[Opening Data for analysis section]

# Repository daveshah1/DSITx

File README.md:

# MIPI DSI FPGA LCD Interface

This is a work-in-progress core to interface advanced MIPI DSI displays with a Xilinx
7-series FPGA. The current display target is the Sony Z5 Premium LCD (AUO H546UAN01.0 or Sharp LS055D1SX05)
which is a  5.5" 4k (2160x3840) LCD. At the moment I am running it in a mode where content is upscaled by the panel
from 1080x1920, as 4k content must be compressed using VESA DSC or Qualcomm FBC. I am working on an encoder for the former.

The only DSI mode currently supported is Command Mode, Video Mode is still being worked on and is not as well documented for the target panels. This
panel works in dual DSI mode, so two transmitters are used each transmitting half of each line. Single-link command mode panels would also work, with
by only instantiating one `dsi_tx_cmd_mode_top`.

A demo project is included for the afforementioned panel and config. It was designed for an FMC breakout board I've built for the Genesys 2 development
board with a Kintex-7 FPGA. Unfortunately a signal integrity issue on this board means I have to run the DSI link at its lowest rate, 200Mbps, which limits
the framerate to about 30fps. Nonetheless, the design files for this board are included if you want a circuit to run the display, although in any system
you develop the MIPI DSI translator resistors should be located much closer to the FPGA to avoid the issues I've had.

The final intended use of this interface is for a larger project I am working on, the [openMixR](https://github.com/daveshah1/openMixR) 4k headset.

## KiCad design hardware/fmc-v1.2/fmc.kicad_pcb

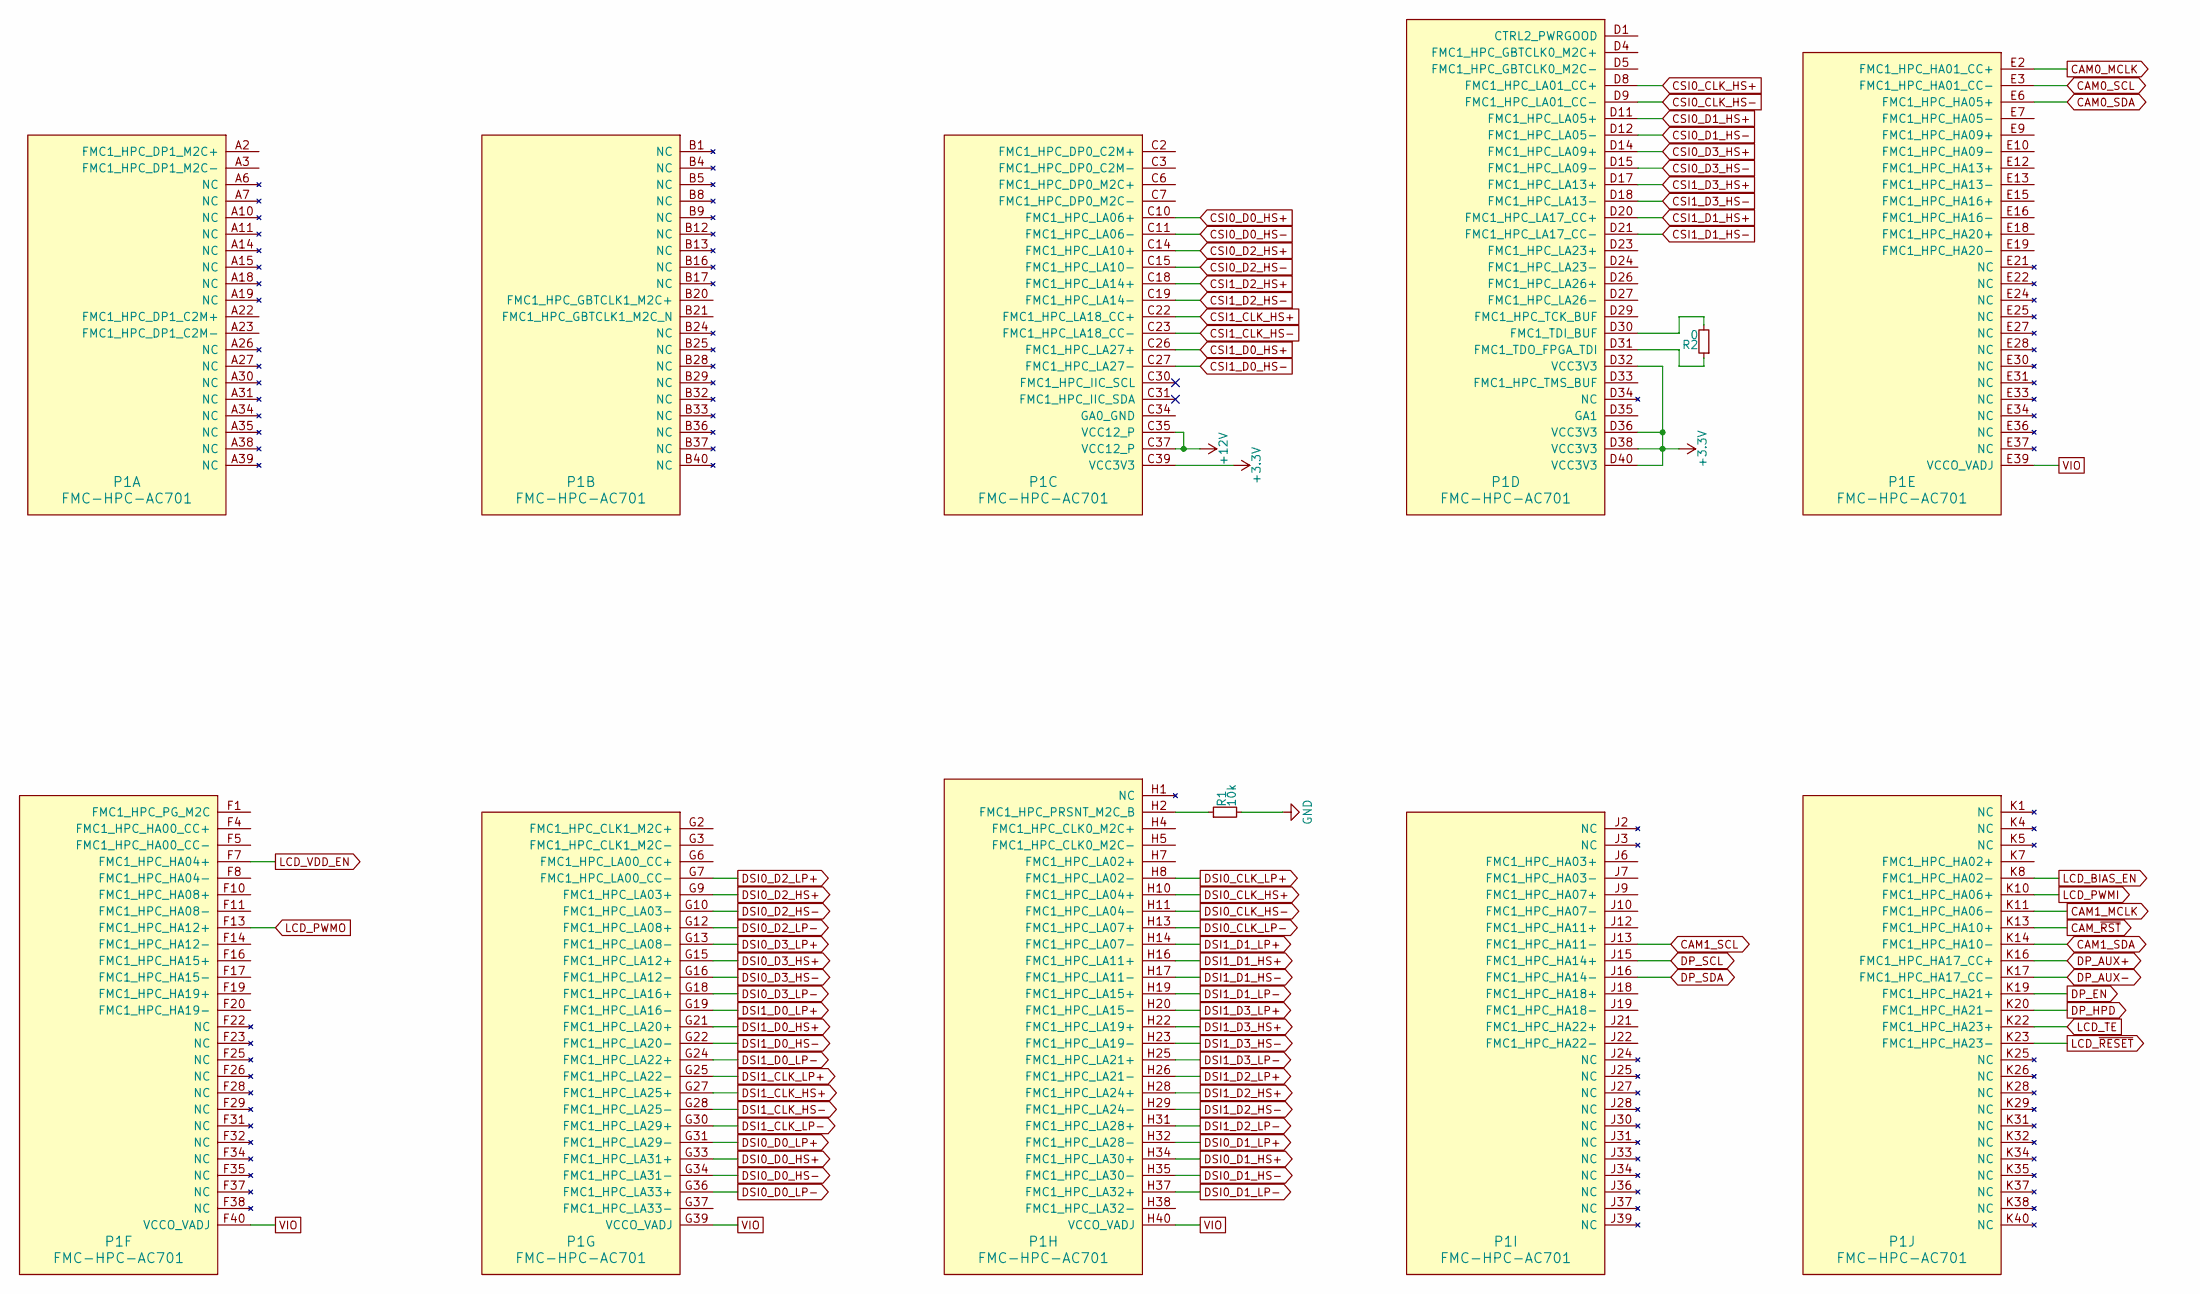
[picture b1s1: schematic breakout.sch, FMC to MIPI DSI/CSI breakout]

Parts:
P1: FMC-HPC-AC701; ASP-134488-01
R1: 10k; R_0402
R2: 0; R_0402

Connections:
+3V3: P1.C39 (VCC3V3), P1.D32 (VCC3V3), P1.D36 (VCC3V3), P1.D38 (VCC3V3), P1.D40 (VCC3V3); also elsewhere on the board
+12V: P1.C35 (VCC12_P), P1.C37 (VCC12_P); also elsewhere on the board
CAM0_MCLK: P1.E2 (FMC1_HPC_HA01_CC+); also elsewhere on the board
CAM0_SCL: P1.E3 (FMC1_HPC_HA01_CC-); also elsewhere on the board
CAM0_SDA: P1.E6 (FMC1_HPC_HA05+); also elsewhere on the board
CAM1_MCLK: P1.K11 (FMC1_HPC_HA06-); also elsewhere on the board
CAM1_SCL: P1.J13 (FMC1_HPC_HA11-); also elsewhere on the board
CAM1_SDA: P1.K14 (FMC1_HPC_HA10-); also elsewhere on the board
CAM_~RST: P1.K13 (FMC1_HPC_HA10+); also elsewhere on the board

[Closing Data for analysis section]

● **Task**
The lines from the one with "[picture b1s1: schematic" through the final line of the data are to be reproduced exactly, both included, with no other lines.

● **Solution**
[picture b1s1: schematic breakout.sch, FMC to MIPI DSI/CSI breakout]

Parts:
P1: FMC-HPC-AC701; ASP-134488-01
R1: 10k; R_0402
R2: 0; R_0402

Connections:
+3V3: P1.C39 (VCC3V3), P1.D32 (VCC3V3), P1.D36 (VCC3V3), P1.D38 (VCC3V3), P1.D40 (VCC3V3); also elsewhere on the board
+12V: P1.C35 (VCC12_P), P1.C37 (VCC12_P); also elsewhere on the board
CAM0_MCLK: P1.E2 (FMC1_HPC_HA01_CC+); also elsewhere on the board
CAM0_SCL: P1.E3 (FMC1_HPC_HA01_CC-); also elsewhere on the board
CAM0_SDA: P1.E6 (FMC1_HPC_HA05+); also elsewhere on the board
CAM1_MCLK: P1.K11 (FMC1_HPC_HA06-); also elsewhere on the board
CAM1_SCL: P1.J13 (FMC1_HPC_HA11-); also elsewhere on the board
CAM1_SDA: P1.K14 (FMC1_HPC_HA10-); also elsewhere on the board
CAM_~RST: P1.K13 (FMC1_HPC_HA10+); also elsewhere on the board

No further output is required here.